Asked 24/7, 2013 at 16:38 Answered 25/7, 2013 at 0:29

I am facing a situation where I do not see some method calls not being recorded by the VisualVM application. Wanted to find out the reason and came across this answer on SO. The third point mentions about a potential issue of the sampling method(which is the only option that I am seeing enabled probably because I am doing remote profiling). It mentions about safe points in code and safe point polling by code itself. What do these terms mean?

Lightweight answered 24/7, 2013 at 16:38 Comment(0)

The issue of inaccuracy of Java sampling profiler tools and its relation to the safe points is very well discussed in Evaluating the Accuracy of Java Profilers (PLDI'10).

Essentially, Java profilers may produce inaccurate results when sampling due to the fact that the sampling occurs during the safe points. And since occurrence of safe-points can be modified by the compiler, execution of some methods may never by sampled by the profiler. Therefore, the profiler is scheduled to record a sample of the code (the time interval is up) but it must wait for the occurrence of the safe-point. And since the safe-point is e.g. moved around by the compiler, the method that would be ideally sampled is never observed.

As already explained by the previous anwer, a safepoint is an event or a position in the code where compiler interrupts execution in order to execute some internal VM code (for example GC).

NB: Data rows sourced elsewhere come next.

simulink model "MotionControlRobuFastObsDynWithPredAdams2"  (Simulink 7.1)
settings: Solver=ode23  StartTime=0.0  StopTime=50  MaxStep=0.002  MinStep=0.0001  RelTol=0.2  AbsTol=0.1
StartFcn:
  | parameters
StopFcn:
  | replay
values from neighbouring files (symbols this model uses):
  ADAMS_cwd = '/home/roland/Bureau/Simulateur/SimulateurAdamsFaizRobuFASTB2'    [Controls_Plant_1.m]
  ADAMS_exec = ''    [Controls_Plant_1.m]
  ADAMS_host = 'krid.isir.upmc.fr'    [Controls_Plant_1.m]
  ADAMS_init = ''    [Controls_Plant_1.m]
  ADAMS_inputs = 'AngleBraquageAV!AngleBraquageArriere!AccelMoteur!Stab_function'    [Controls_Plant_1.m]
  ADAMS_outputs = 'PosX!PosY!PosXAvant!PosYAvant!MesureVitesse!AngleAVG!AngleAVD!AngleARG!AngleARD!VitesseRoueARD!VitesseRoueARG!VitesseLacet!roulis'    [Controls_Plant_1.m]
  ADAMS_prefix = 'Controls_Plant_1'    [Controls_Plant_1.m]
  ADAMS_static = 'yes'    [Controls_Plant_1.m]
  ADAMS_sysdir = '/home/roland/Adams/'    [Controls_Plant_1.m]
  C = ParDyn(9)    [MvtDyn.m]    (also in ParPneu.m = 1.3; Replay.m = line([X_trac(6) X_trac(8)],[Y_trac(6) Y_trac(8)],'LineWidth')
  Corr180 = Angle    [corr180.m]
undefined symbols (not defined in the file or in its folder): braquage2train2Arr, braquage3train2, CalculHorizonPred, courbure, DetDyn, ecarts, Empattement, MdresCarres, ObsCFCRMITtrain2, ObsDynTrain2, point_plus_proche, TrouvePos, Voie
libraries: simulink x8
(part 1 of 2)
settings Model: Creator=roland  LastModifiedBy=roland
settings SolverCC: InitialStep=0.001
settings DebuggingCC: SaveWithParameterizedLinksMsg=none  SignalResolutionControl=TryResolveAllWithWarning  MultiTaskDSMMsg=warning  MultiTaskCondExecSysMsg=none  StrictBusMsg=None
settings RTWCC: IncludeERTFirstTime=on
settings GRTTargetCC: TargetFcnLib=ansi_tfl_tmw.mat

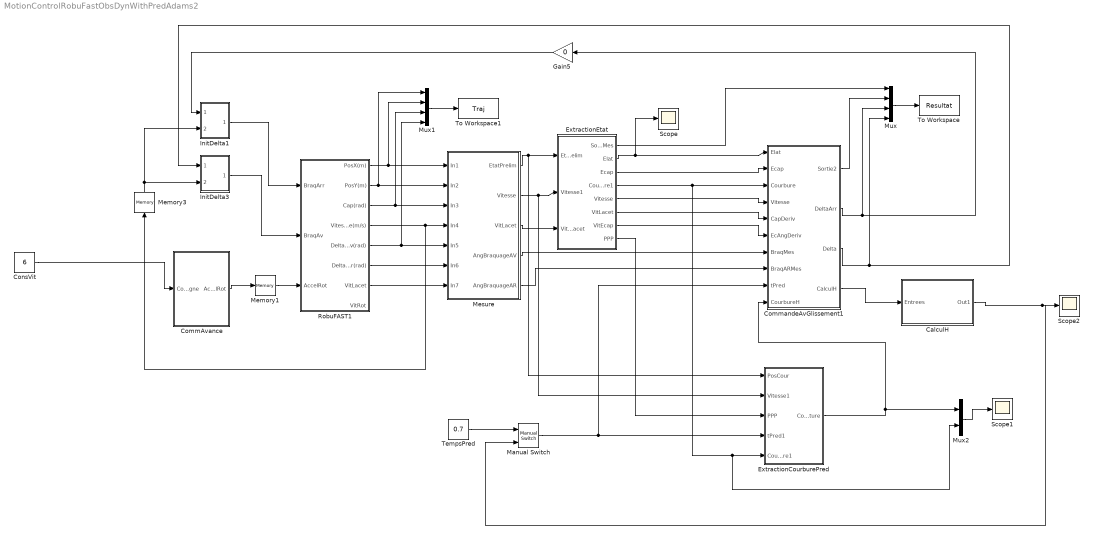
== system MotionControlRobuFastObsDynWithPredAdams2 ==
  CalculH : Subsystem
  CommAvance : Subsystem
  CommandeAvGlissement1 : Subsystem
  ConsVit : Constant  Value=6  OutDataType=sfix(16)  OutScaling=2^0
  ExtractionCourburePred : Subsystem
  ExtractionEtat : Subsystem
  Gain5 : Gain  Orientation=left  Gain=0  ParameterDataType=sfix(16)  ParameterScaling=2^0  OutDataType=sfix(16)  OutScaling=2^0
  InitDelta1 : Subsystem
  InitDelta3 : Subsystem
  Manual Switch : simulink/Signal Routing/Manual Switch  SystemSampleTime=-1  sw=1  action=0  varsize=off
  Memory1 : Memory  InheritSampleTime=on
  Memory3 : Memory  Orientation=up  InheritSampleTime=on
  Mesure : Subsystem
  Mux : Mux
  Mux1 : Mux
  Mux2 : Mux  Inputs=2
  RobuFAST1 : Subsystem
  Scope : Scope
      settings: TimeRange=25  YMin=-0.15  YMax=0.7  SaveName=Elat
  Scope1 : Scope
      settings: TimeRange=15  YMin=-1  YMax=1  SaveName=Elat1
  Scope2 : Scope
      settings: TimeRange=15  YMin=0.7245  YMax=0.7315  SaveName=Elat3
  TempsPred : Constant  Value=0.7  OutDataType=sfix(16)  OutScaling=2^0
  To Workspace : ToWorkspace  VariableName=Resultat  SampleTime=-1  SaveFormat=Array
  To Workspace1 : ToWorkspace  VariableName=Traj  SampleTime=-1  SaveFormat=Array
  wires:
  CommAvance/1(AccelRot) -> Memory1/1
  RobuFAST1/4(Vitesse(m/s)) -> Mesure/4(In4), Memory3/1
  RobuFAST1/1(PosX(m)) -> Mesure/1(In1), Mux1/2
  RobuFAST1/2(PosY(m)) -> Mesure/2(In2), Mux1/1
  RobuFAST1/3(Cap(rad)) -> Mesure/3(In3), Mux1/3
  Mesure/1(EtatPrelim) -> ExtractionEtat/1(EtatPrelim), ExtractionCourburePred/1(PosCour)
  Mesure/2(Vitesse) -> ExtractionEtat/2(Vitesse1), ExtractionCourburePred/2(Vitesse1)
  ExtractionEtat/2(Elat) -> Scope/1, CommandeAvGlissement1/1(Elat)
  ExtractionEtat/3(Ecap) -> CommandeAvGlissement1/2(Ecap)
  ExtractionEtat/4(Courbure1) -> CommandeAvGlissement1/3(Courbure), ExtractionCourburePred/5(Courbure1), Mux2/2
  ExtractionEtat/5(Vitesse) -> CommandeAvGlissement1/4(Vitesse)
  Mesure/4(AngBraquageAV) -> CommandeAvGlissement1/7(BraqMes)
  CommandeAvGlissement1/3(Delta) -> Mux/4, InitDelta3/1(Delta)
  CommandeAvGlissement1/2(DeltaArr) -> Gain5/1, Mux/3
  RobuFAST1/5(DeltaAv(rad)) -> Mesure/5(In5), Mux1/4
  RobuFAST1/6(DeltaAr(rad)) -> Mesure/6(In6)
  InitDelta1/1(Out1) -> RobuFAST1/1(BraqArr)
  InitDelta3/1(Out1) -> RobuFAST1/2(BraqAv)
  Memory3/1 -> InitDelta1/2(Vitesse), InitDelta3/2(Vitesse)
  Mesure/3(VitLacet) -> ExtractionEtat/3(VitesseLacet)
  ExtractionEtat/6(VitLacet) -> CommandeAvGlissement1/5(CapDeriv)
  RobuFAST1/7(VitLacet) -> Mesure/7(In7)
  ExtractionEtat/7(VitEcap) -> CommandeAvGlissement1/6(EcAngDeriv)
  ExtractionEtat/1(SortieMes) -> Mux/1
  CommandeAvGlissement1/1(Sortie2) -> Mux/2
  Mux/1 -> To Workspace/1
  Gain5/1 -> InitDelta1/1(Delta)
  Mux1/1 -> To Workspace1/1
  Mesure/5(AngBraquageAR) -> CommandeAvGlissement1/8(BraqARMes)
  Manual Switch/1 -> CommandeAvGlissement1/9(tPred), ExtractionCourburePred/4(tPred1)
  ExtractionCourburePred/1(CourbureFuture) -> CommandeAvGlissement1/10(CourbureH), Mux2/1
  ExtractionEtat/8(PPP) -> ExtractionCourburePred/3(PPP)
  Mux2/1 -> Scope1/1
  CalculH/1(Out1) -> Scope2/1, Manual Switch/2
  CommandeAvGlissement1/4(CalculH) -> CalculH/1(Entrees)
  ConsVit/1 -> CommAvance/1(Consigne)
  TempsPred/1 -> Manual Switch/1
  Memory1/1 -> RobuFAST1/3(AccelRot)

== system MotionControlRobuFastObsDynWithPredAdams2/CalculH ==
  Entrees : Inport
  CalculHorizonPred : MATLABFcn  MATLABFcn=CalculHorizonPred(u(1),u(2),u(3))  OutputDimensions=1  OutputSignalType=real  Output1D=off  SampleTime=0.05
  Discrete Filter8 : DiscreteFilter  Numerator=[0.025 0.025]  Denominator="[1.0000    -0.95]"  SampleTime=0.05
  Out1 : Outport
  wires:
  CalculHorizonPred/1 -> Out1/1
  Entrees/1 -> CalculHorizonPred/1

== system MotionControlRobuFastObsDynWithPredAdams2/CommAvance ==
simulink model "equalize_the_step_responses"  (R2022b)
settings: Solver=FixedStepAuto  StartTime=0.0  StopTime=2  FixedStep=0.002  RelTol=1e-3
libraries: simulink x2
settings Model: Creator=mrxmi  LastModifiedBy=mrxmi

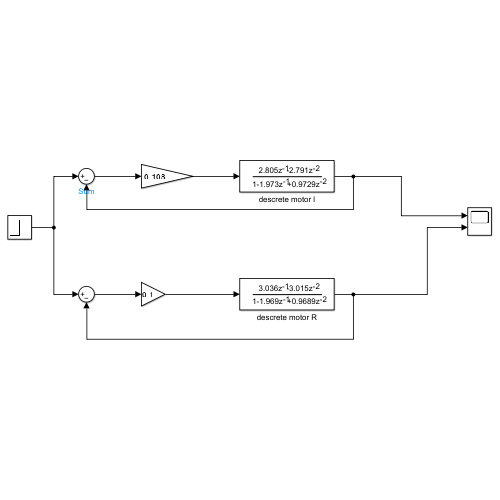
[thumbnail: Simulink's stored preview of the top-level diagram]
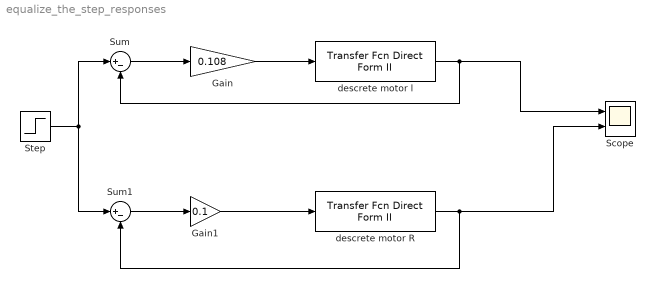
== system equalize_the_step_responses ==
  Gain : Gain  Gain=0.108
  Gain1 : Gain  Gain=0.1
  Scope : Scope  NumInputPorts=2
  Step : Step  After=400  SampleTime=0
  Sum : Sum  Inputs=|+-
  Sum1 : Sum  Inputs=|+-
  descrete motor R : simulink/Additional Math & Discrete/Additional Discrete/Transfer Fcn Direct Form II  NumCoefVec=[0 3.036 -3.015]  DenCoefVec=[-1.969 0.9689]  vinit=0.0  DoSatur=off
  descrete motor l : simulink/Additional Math & Discrete/Additional Discrete/Transfer Fcn Direct Form II  NumCoefVec=[0 2.805 -2.791]  DenCoefVec=[-1.973 0.9729]  vinit=0.0  DoSatur=off
  wires:
  Step/1 -> Sum/1, Sum1/1
  Sum/1 -> Gain/1
  Gain/1 -> descrete motor l/1
  descrete motor l/1 -> Scope/1, Sum/2
  descrete motor R/1 -> Scope/2, Sum1/2
  Sum1/1 -> Gain1/1
  Gain1/1 -> descrete motor R/1
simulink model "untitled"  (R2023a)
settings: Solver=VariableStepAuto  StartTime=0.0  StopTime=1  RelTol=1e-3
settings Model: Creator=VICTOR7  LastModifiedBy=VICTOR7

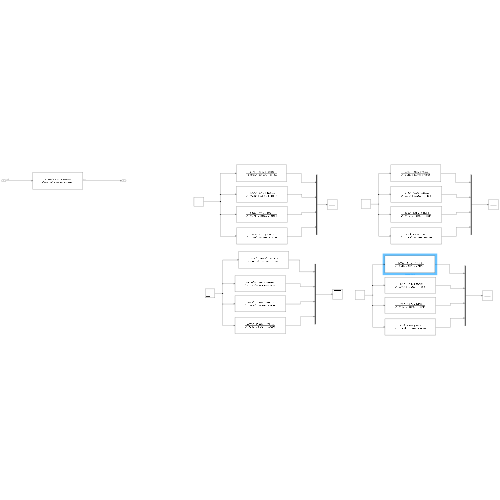
[thumbnail: Simulink's stored preview of the top-level diagram]
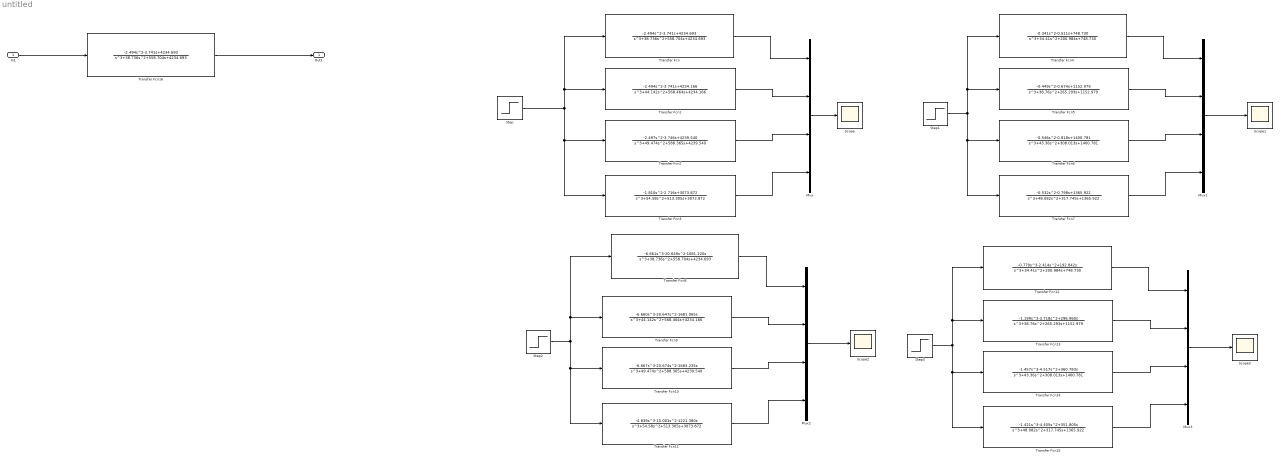
== system untitled ==
  In1 : Inport
  Mux{,1..3} (4 alike) : Mux
  Scope{,1..3} (4 alike) : Scope
  Step{,1..3} (4 alike) : Step  Time=0  SampleTime=0
  Transfer Fcn : TransferFcn  Numerator=[-2.494 -3.741 4234.693]  Denominator=[1 38.736 558.704 4234.693]
  Transfer Fcn1 : TransferFcn  Numerator=[-2.494 -3.741 4234.166]  Denominator=[1 44.142 568.464 4234.166]
  Transfer Fcn10 : TransferFcn  Numerator=[-6.667 -20.674 -1683.235 0]  Denominator=[1 49.474 588.365 4239.540]
  Transfer Fcn11 : TransferFcn  Numerator=[-4.839 -15.001 -1221.380 0]  Denominator=[1 54.58 513.305 3073.872]
  Transfer Fcn12 : TransferFcn  Numerator=[-0.779 -2.414 192.842 0]  Denominator=[1 34.41 200.984 748.730]
  Transfer Fcn13 : TransferFcn  Numerator=[-1.199 -3.718 296.960 0]  Denominator=[1 38.76 265.293 1152.979]
  Transfer Fcn14 : TransferFcn  Numerator=[-1.457 -4.517 360.783 0]  Denominator=[1 43.36 308.013 1400.781]
  Transfer Fcn15 : TransferFcn  Numerator=[-1.421 -4.405 351.805 0]  Denominator=[1 48.082 317.745 1365.922]
  Transfer Fcn16 : TransferFcn  Numerator=[-2.494 -3.741 4234.693]  Denominator=[1 38.736 558.704 4234.693]
  Transfer Fcn2 : TransferFcn  Numerator=[-2.497 -3.746 4239.540]  Denominator=[1 49.474 588.365 4239.540]
  Transfer Fcn3 : TransferFcn  Numerator=[-1.810 -2.716 3073.872]  Denominator=[1 54.58 513.305 3073.872]
  Transfer Fcn4 : TransferFcn  Numerator=[-0.341 -0.511 748.730]  Denominator=[1 34.41 200.984 748.730]
  Transfer Fcn5 : TransferFcn  Numerator=[-0.449 -0.674 1152.979]  Denominator=[1 38.76 265.293 1152.979]
  Transfer Fcn6 : TransferFcn  Numerator=[-0.546 -0.818 1400.781]  Denominator=[1 43.36 308.013 1400.781]
  Transfer Fcn7 : TransferFcn  Numerator=[-0.532 -0.798 1365.922]  Denominator=[1 48.082 317.745 1365.922]
  Transfer Fcn8 : TransferFcn  Numerator=[-6.661 -20.649 -1681.220 0]  Denominator=[1 38.736 558.704 4234.693]
  Transfer Fcn9 : TransferFcn  Numerator=[-6.660 -20.647 -1681.065 0]  Denominator=[1 44.142 568.464 4234.166]
  Out1 : Outport
  wires:
  Transfer Fcn/1 -> Mux/1
  Transfer Fcn1/1 -> Mux/2
  Transfer Fcn2/1 -> Mux/3
  Transfer Fcn3/1 -> Mux/4
  Transfer Fcn4/1 -> Mux1/1
  Transfer Fcn7/1 -> Mux1/4
  Mux1/1 -> Scope1/1
  Step1/1 -> Transfer Fcn4/1, Transfer Fcn5/1, Transfer Fcn7/1, Transfer Fcn6/1
  Transfer Fcn6/1 -> Mux1/3
  Transfer Fcn5/1 -> Mux1/2
  Transfer Fcn8/1 -> Mux2/1
  Transfer Fcn11/1 -> Mux2/4
  Mux2/1 -> Scope2/1
  Step2/1 -> Transfer Fcn8/1, Transfer Fcn9/1, Transfer Fcn11/1, Transfer Fcn10/1
  Transfer Fcn10/1 -> Mux2/3
  Transfer Fcn9/1 -> Mux2/2
  Step3/1 -> Transfer Fcn12/1, Transfer Fcn13/1, Transfer Fcn15/1, Transfer Fcn14/1
  Mux3/1 -> Scope3/1
  Transfer Fcn12/1 -> Mux3/1
  Transfer Fcn15/1 -> Mux3/4
  Transfer Fcn14/1 -> Mux3/3
  Transfer Fcn13/1 -> Mux3/2
  Step/1 -> Transfer Fcn/1, Transfer Fcn1/1, Transfer Fcn3/1, Transfer Fcn2/1
  Mux/1 -> Scope/1
  Transfer Fcn16/1 -> Out1/1
  In1/1 -> Transfer Fcn16/1

The safe-point polling is a method of implementing the safepoint or a safepoint trigger. It means that in the code being executed you regularly check a flag to see if a safe-point execution is required, if yes (due to e.g. GC trigger), the thread is interrupted and the safepoint is executed. See e.g. GC safe-point (or safepoint) and safe-region

Herrod answered 25/7, 2013 at 0:29 Comment(1)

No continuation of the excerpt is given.